De warmtepomp als een helder licht

In de noordelijke provincies schijnt de warmtepomp als een helder licht aan de duurzame horizon. Deze regio’s hebben een voorsprong genomen in de adoptie van warmtepomptechnologieën. Statistieken uit het Warmtepomp Trendrapport van Dutch New Energy Research onthullen een boeiende kloof tussen het noorden en andere gebieden zoals de Randstad en Flevoland.

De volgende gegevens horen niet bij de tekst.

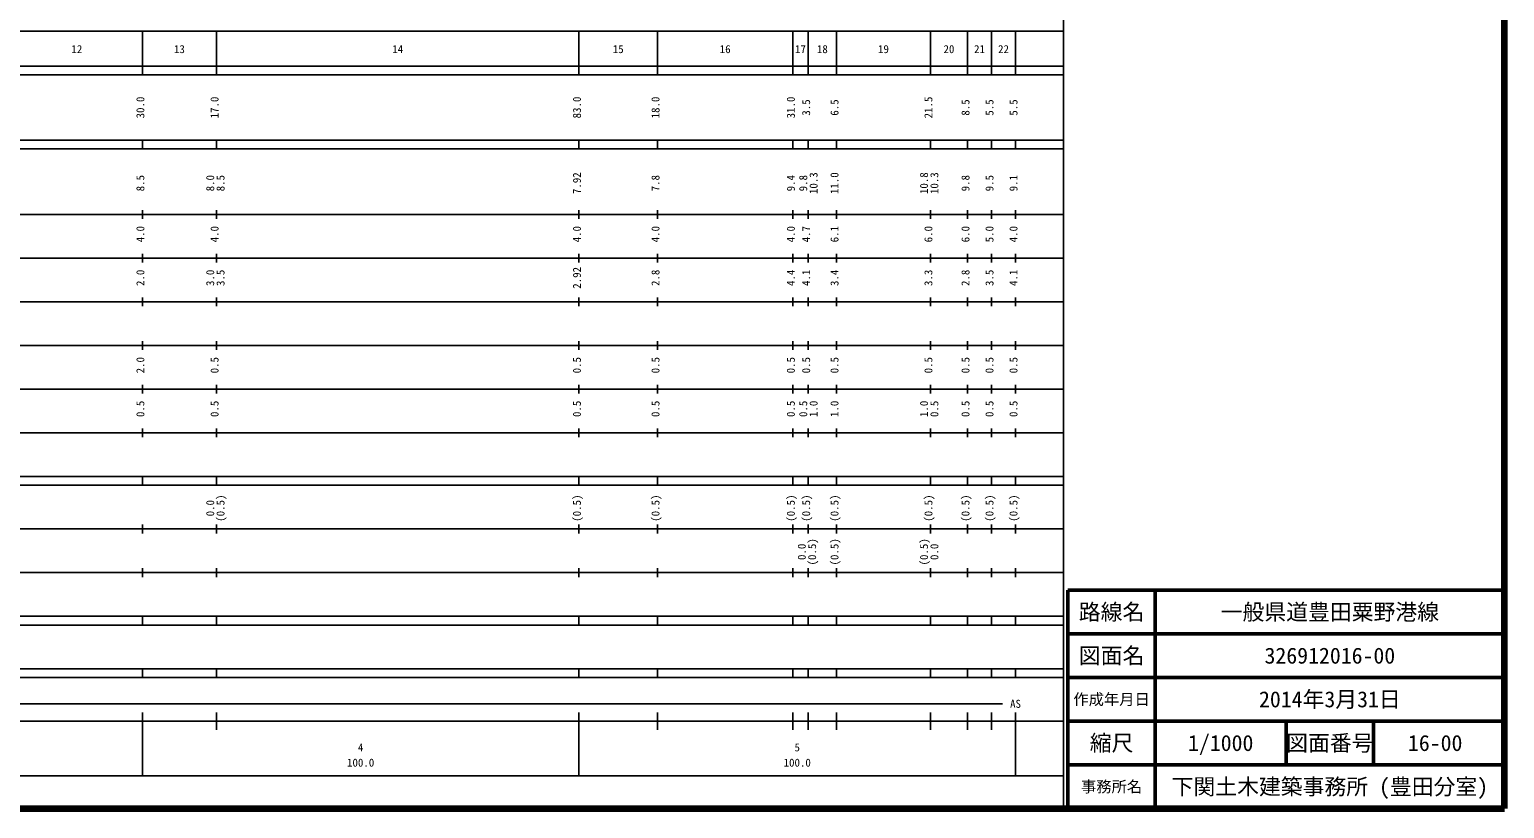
# Model space of a CAD drawing. Units: millimetres on the paper, enlarged 1000 times. Extents: x 40000 to 680000, y 20000 to 380000.
# Drawn here: x 342152 to 680000, y 20000 to 198357 of the extents above; entities that cross this region are included whole.
import ezdxf
from ezdxf.enums import TextEntityAlignment as Align

# ---------------------------------------------------------------- set-up
doc = ezdxf.new("R2010")
doc.units = ezdxf.units.MM
doc.header["$LTSCALE"] = 1000
for name, color, linetype, lineweight in [('M-TTL', 2, 'Continuous', 140), ('M-TTL-BAND', 7, 'Continuous', 25), ('M-TTL-FRAM', 2, 'Continuous', 50), ('M-TTL-LINE', 7, 'Continuous', 50)]:
    doc.layers.add(name, color=color, linetype=linetype, lineweight=lineweight)
doc.layers.add('M-TTL-TXT', color=7, linetype='Continuous')
doc.styles.add('ＭＳ ゴシック', font='')
doc.styles.get('ＭＳ ゴシック').set_extended_font_data('MS Gothic')

msp = doc.modelspace()

# ---------------------------------------------------------------- linework, layer by layer
at = {"layer": 'M-TTL'}
for p, q in [((680000, 20000), (680000, 380000)), ((40000, 20000), (680000, 20000))]:
    msp.add_line(p, q, dxfattribs=at)
at = {"layer": 'M-TTL-BAND'}
for p, q in [((579000, 20000), (579000, 370000)), ((68000, 198000), (579000, 198000)), ((368000, 188000), (368000, 198000)), ((385000, 188000), (385000, 198000)), ((468000, 188000), (468000, 198000)), ((486000, 188000), (486000, 198000)), ((517000, 188000), (517000, 198000)), ((520500, 188000), (520500, 198000)), ((527000, 188000), (527000, 198000)), ((548500, 188000), (548500, 198000)), ((557000, 188000), (557000, 198000)), ((562500, 188000), (562500, 198000)), ((568000, 188000), (568000, 198000)), ((40000, 190000), (579000, 190000)), ((40000, 188000), (579000, 188000)), ((40000, 173000), (579000, 173000)), ((368000, 171000), (368000, 173000)), ((385000, 171000), (385000, 173000)), ((468000, 171000), (468000, 173000)), ((486000, 171000), (486000, 173000)), ((517000, 171000), (517000, 173000)), ((520500, 171000), (520500, 173000)), ((527000, 171000), (527000, 173000)), ((548500, 171000), (548500, 173000)), ((557000, 171000), (557000, 173000)), ((562500, 171000), (562500, 173000)), ((568000, 171000), (568000, 173000)), ((40000, 171000), (579000, 171000)), ((40000, 156000), (579000, 156000)), ((368000, 155000), (368000, 157000)), ((385000, 155000), (385000, 157000)), ((468000, 155000), (468000, 157000)), ((486000, 155000), (486000, 157000)), ((517000, 155000), (517000, 157000)), ((520500, 155000), (520500, 157000)), ((527000, 155000), (527000, 157000)), ((548500, 155000), (548500, 157000)), ((557000, 155000), (557000, 157000)), ((562500, 155000), (562500, 157000)), ((568000, 155000), (568000, 157000)), ((46000, 146000), (579000, 146000)), ((368000, 145000), (368000, 147000)), ((385000, 145000), (385000, 147000)), ((468000, 145000), (468000, 147000)), ((486000, 145000), (486000, 147000)), ((517000, 145000), (517000, 147000)), ((520500, 145000), (520500, 147000)), ((527000, 145000), (527000, 147000)), ((548500, 145000), (548500, 147000)), ((557000, 145000), (557000, 147000)), ((562500, 145000), (562500, 147000)), ((568000, 145000), (568000, 147000)), ((52000, 136000), (579000, 136000)), ((368000, 135000), (368000, 137000)), ((385000, 135000), (385000, 137000)), ((468000, 135000), (468000, 137000)), ((486000, 135000), (486000, 137000)), ((517000, 135000), (517000, 137000)), ((520500, 135000), (520500, 137000)), ((527000, 135000), (527000, 137000)), ((548500, 135000), (548500, 137000)), ((557000, 135000), (557000, 137000)), ((562500, 135000), (562500, 137000)), ((568000, 135000), (568000, 137000)), ((46000, 126000), (579000, 126000)), ((368000, 125000), (368000, 127000)), ((385000, 125000), (385000, 127000)), ((468000, 125000), (468000, 127000)), ((486000, 125000), (486000, 127000)), ((517000, 125000), (517000, 127000)), ((520500, 125000), (520500, 127000)), ((527000, 125000), (527000, 127000)), ((548500, 125000), (548500, 127000)), ((557000, 125000), (557000, 127000)), ((562500, 125000), (562500, 127000)), ((568000, 125000), (568000, 127000)), ((52000, 116000), (579000, 116000)), ((368000, 115000), (368000, 117000)), ((385000, 115000), (385000, 117000)), ((468000, 115000), (468000, 117000)), ((486000, 115000), (486000, 117000)), ((517000, 115000), (517000, 117000)), ((520500, 115000), (520500, 117000)), ((527000, 115000), (527000, 117000)), ((548500, 115000), (548500, 117000)), ((557000, 115000), (557000, 117000)), ((562500, 115000), (562500, 117000)), ((568000, 115000), (568000, 117000)), ((46000, 106000), (579000, 106000)), ((368000, 105000), (368000, 107000)), ((385000, 105000), (385000, 107000)), ((468000, 105000), (468000, 107000)), ((486000, 105000), (486000, 107000)), ((517000, 105000), (517000, 107000)), ((520500, 105000), (520500, 107000)), ((527000, 105000), (527000, 107000)), ((548500, 105000), (548500, 107000)), ((557000, 105000), (557000, 107000)), ((562500, 105000), (562500, 107000)), ((568000, 105000), (568000, 107000)), ((40000, 96000), (579000, 96000)), ((368000, 94000), (368000, 96000)), ((385000, 94000), (385000, 96000)), ((468000, 94000), (468000, 96000)), ((486000, 94000), (486000, 96000)), ((517000, 94000), (517000, 96000)), ((520500, 94000), (520500, 96000)), ((527000, 94000), (527000, 96000)), ((548500, 94000), (548500, 96000)), ((557000, 94000), (557000, 96000)), ((562500, 94000), (562500, 96000)), ((568000, 94000), (568000, 96000)), ((40000, 94000), (579000, 94000)), ((368000, 83000), (368000, 85000)), ((385000, 83000), (385000, 85000)), ((468000, 83000), (468000, 85000)), ((486000, 83000), (486000, 85000)), ((517000, 83000), (517000, 85000)), ((520500, 83000), (520500, 85000)), ((527000, 83000), (527000, 85000)), ((548500, 83000), (548500, 85000)), ((557000, 83000), (557000, 85000)), ((562500, 83000), (562500, 85000)), ((568000, 83000), (568000, 85000)), ((49000, 84000), (579000, 84000)), ((368000, 73000), (368000, 75000)), ((385000, 73000), (385000, 75000)), ((468000, 73000), (468000, 75000)), ((486000, 73000), (486000, 75000)), ((517000, 73000), (517000, 75000)), ((520500, 73000), (520500, 75000)), ((527000, 73000), (527000, 75000)), ((548500, 73000), (548500, 75000)), ((557000, 73000), (557000, 75000)), ((562500, 73000), (562500, 75000)), ((568000, 73000), (568000, 75000)), ((40000, 74000), (579000, 74000)), ((40000, 64000), (579000, 64000)), ((40000, 62000), (579000, 62000)), ((368000, 62000), (368000, 64000)), ((385000, 62000), (385000, 64000)), ((468000, 62000), (468000, 64000)), ((486000, 62000), (486000, 64000)), ((517000, 62000), (517000, 64000)), ((520500, 62000), (520500, 64000)), ((527000, 62000), (527000, 64000)), ((548500, 62000), (548500, 64000)), ((557000, 62000), (557000, 64000)), ((562500, 62000), (562500, 64000)), ((568000, 62000), (568000, 64000)), ((40000, 52000), (579000, 52000)), ((368000, 50000), (368000, 52000)), ((385000, 50000), (385000, 52000)), ((468000, 50000), (468000, 52000)), ((486000, 50000), (486000, 52000)), ((517000, 50000), (517000, 52000)), ((520500, 50000), (520500, 52000)), ((527000, 50000), (527000, 52000)), ((548500, 50000), (548500, 52000)), ((557000, 50000), (557000, 52000)), ((562500, 50000), (562500, 52000)), ((568000, 50000), (568000, 52000)), ((40000, 50000), (579000, 50000)), ((71000, 44000), (565000, 44000)), ((368000, 27500), (368000, 42000)), ((385000, 38000), (385000, 42000)), ((468000, 27500), (468000, 42000)), ((486000, 38000), (486000, 42000)), ((517000, 38000), (517000, 42000)), ((520500, 38000), (520500, 42000)), ((527000, 38000), (527000, 42000)), ((548500, 38000), (548500, 42000)), ((557000, 38000), (557000, 42000)), ((562500, 38000), (562500, 42000)), ((568000, 27500), (568000, 42000)), ((40000, 40000), (579000, 40000)), ((68000, 27500), (579000, 27500))]:
    msp.add_line(p, q, dxfattribs=at)
at = {"layer": 'M-TTL-FRAM'}
for p, q in [((680000, 70000), (580000, 70000)), ((580000, 70000), (580000, 20000))]:
    msp.add_line(p, q, dxfattribs=at)
at = {"layer": 'M-TTL-LINE'}
for p, q in [((600000, 70000), (600000, 20000)), ((680000, 60000), (580000, 60000)), ((680000, 50000), (580000, 50000)), ((680000, 40000), (580000, 40000)), ((630000, 40000), (630000, 30000)), ((650000, 40000), (650000, 30000)), ((680000, 30000), (580000, 30000))]:
    msp.add_line(p, q, dxfattribs=at)

# ---------------------------------------------------------------- texts
at = {"layer": 'M-TTL-BAND', "style": 'ＭＳ ゴシック'}
for s, p in [('12', (353000, 192405)), ('13', (376500, 192405)), ('14', (426500, 192405)), ('15', (477000, 192405)), ('16', (501500, 192405)), ('17', (518750, 192405)), ('18', (523750, 192405)), ('19', (537750, 192405)), ('20', (552750, 192405)), ('21', (559750, 192405)), ('22', (565250, 192405)), ('AS', (568000, 42500)), ('4', (418000, 32523)), ('5', (518000, 32523)), ('100.0', (418000, 29033)), ('100.0', (518000, 29033))]:
    msp.add_text(s, height=1833, dxfattribs=at).set_placement(p, align=Align.BOTTOM_CENTER)
for s, p in [('30.0', (369000, 180500)), ('17.0', (386000, 180500)), ('83.0', (469000, 180500)), ('18.0', (487000, 180500)), ('31.0', (518000, 180500)), ('21.5', (549500, 180500)), ('3.5', (521500, 180500)), ('6.5', (528000, 180500)), ('8.5', (558000, 180500)), ('5.5', (563500, 180500)), ('5.5', (569000, 180500)), ('7.92', (469000, 163174)), ('8.5', (369000, 163174)), ('8.0', (385000, 163174)), ('8.5', (387370, 163174)), ('7.8', (487000, 163174)), ('9.4', (518000, 163174)), ('9.8', (520833, 163174)), ('10.3', (523203, 163174)), ('11.0', (528000, 163174)), ('10.8', (548500, 163174)), ('10.3', (550870, 163174)), ('9.8', (558000, 163174)), ('9.5', (563500, 163174)), ('9.1', (569000, 163174)), ('4.0', (369000, 151500)), ('4.0', (386000, 151500)), ('4.0', (469000, 151500)), ('4.0', (487000, 151500)), ('4.0', (518000, 151500)), ('4.7', (521500, 151500)), ('6.1', (528000, 151500)), ('6.0', (549500, 151500)), ('6.0', (558000, 151500)), ('5.0', (563500, 151500)), ('4.0', (569000, 151500)), ('2.0', (369000, 141500)), ('3.0', (385000, 141500)), ('3.5', (387370, 141500)), ('2.92', (469000, 141500)), ('2.8', (487000, 141500)), ('4.4', (518000, 141500)), ('4.1', (521500, 141500)), ('3.4', (528000, 141500)), ('3.3', (549500, 141500)), ('2.8', (558000, 141500)), ('3.5', (563500, 141500)), ('4.1', (569000, 141500)), ('2.0', (369000, 121500)), ('0.5', (386000, 121500)), ('0.5', (469000, 121500)), ('0.5', (487000, 121500)), ('0.5', (518000, 121500)), ('0.5', (521500, 121500)), ('0.5', (528000, 121500)), ('0.5', (549500, 121500)), ('0.5', (558000, 121500)), ('0.5', (563500, 121500)), ('0.5', (569000, 121500)), ('0.5', (369000, 111500)), ('0.5', (386000, 111500)), ('0.5', (469000, 111500)), ('0.5', (487000, 111500)), ('0.5', (518000, 111500)), ('0.5', (520833, 111500)), ('1.0', (523203, 111500)), ('1.0', (528000, 111500)), ('1.0', (548500, 111500)), ('0.5', (550870, 111500)), ('0.5', (558000, 111500)), ('0.5', (563500, 111500)), ('0.5', (569000, 111500)), ('(0.5)', (387370, 88764)), ('(0.5)', (469000, 88764)), ('(0.5)', (487000, 88764)), ('(0.5)', (518000, 88764)), ('(0.5)', (521500, 88764)), ('(0.5)', (528000, 88764)), ('(0.5)', (549513, 88764)), ('(0.5)', (558000, 88764)), ('(0.5)', (563500, 88764)), ('(0.5)', (569000, 88764)), ('0.0', (385000, 88764)), ('(0.5)', (522870, 78764)), ('(0.5)', (528000, 78764)), ('(0.5)', (548500, 78764)), ('0.0', (520500, 78764)), ('0.0', (550870, 78764))]:
    msp.add_text(s, height=1833, rotation=90, dxfattribs=at).set_placement(p, align=Align.BOTTOM_CENTER)
at = {"layer": 'M-TTL-TXT', "style": 'ＭＳ ゴシック'}
for s, height, p in [('路線名', 3666, (590000, 65000)), ('路線名', 3666, (590000, 65000)), ('一般県道豊田粟野港線', 3666, (640000, 65000)), ('図面名', 3666, (590000, 55000)), ('図面名', 3666, (590000, 55000)), ('326912016-00', 3666, (640000, 55000)), ('2014年3月31日', 3666, (640000, 45000)), ('作成年月日', 2566, (590000, 45000)), ('作成年月日', 2566, (590000, 45000)), ('縮尺', 3666, (590000, 35000)), ('縮尺', 3666, (590000, 35000)), ('図面番号', 3666, (640000, 35000)), ('図面番号', 3666, (640000, 35000)), ('1/1000', 3666, (615000, 35000)), ('16-00', 3666, (664125, 35000)), ('下関土木建築事務所 (豊田分室)', 3666, (640000, 25000)), ('事務所名', 2566, (590000, 25000)), ('事務所名', 2566, (590000, 25000))]:
    msp.add_text(s, height=height, dxfattribs=at).set_placement(p, align=Align.MIDDLE_CENTER)

doc.saveas('drawing.dxf')

Het rapport illustreert een opvallende ongelijkheid: terwijl het noorden trots gemiddeld drie warmtepompen per 1000 inwoners heeft geïnstalleerd met subsidie in het afgelopen jaar, blijven de cijfers in de Randstad en Flevoland achter. Hier zijn minder dan twee warmtepompen per 1000 inwoners geplaatst in dezelfde periode, volgens gegevens van het eerste halfjaar van 2023.

Deze trend lijkt standvastig te blijven voor de rest van het jaar, zoals voorspeld door het onderzoeksbureau. De projecties laten geen significante verschuiving zien in deze verdeling van warmtepompinstallaties.

De vooruitzichten voor dit jaar voorspellen de installatie van zo’n 120.000 warmtepompen in bestaande Nederlandse woningen, waarvan de helft elektrisch is en de andere helft hybride. Deze hybride varianten, hoewel niet volledig gasvrij, bieden toch een weg naar vermindering van gasverbruik.

Opmerkelijk genoeg heeft het demissionaire kabinet het doel van 125.000 warmtepompen tussen 2022 en 2024 al ruimschoots overtroffen, met ruim 100.000 installaties vorig jaar alleen al. Deze successen zijn echter niet gelijkmatig verspreid over Nederland, waarbij het noorden duidelijk de leiding neemt in de warmtepomprevolutie.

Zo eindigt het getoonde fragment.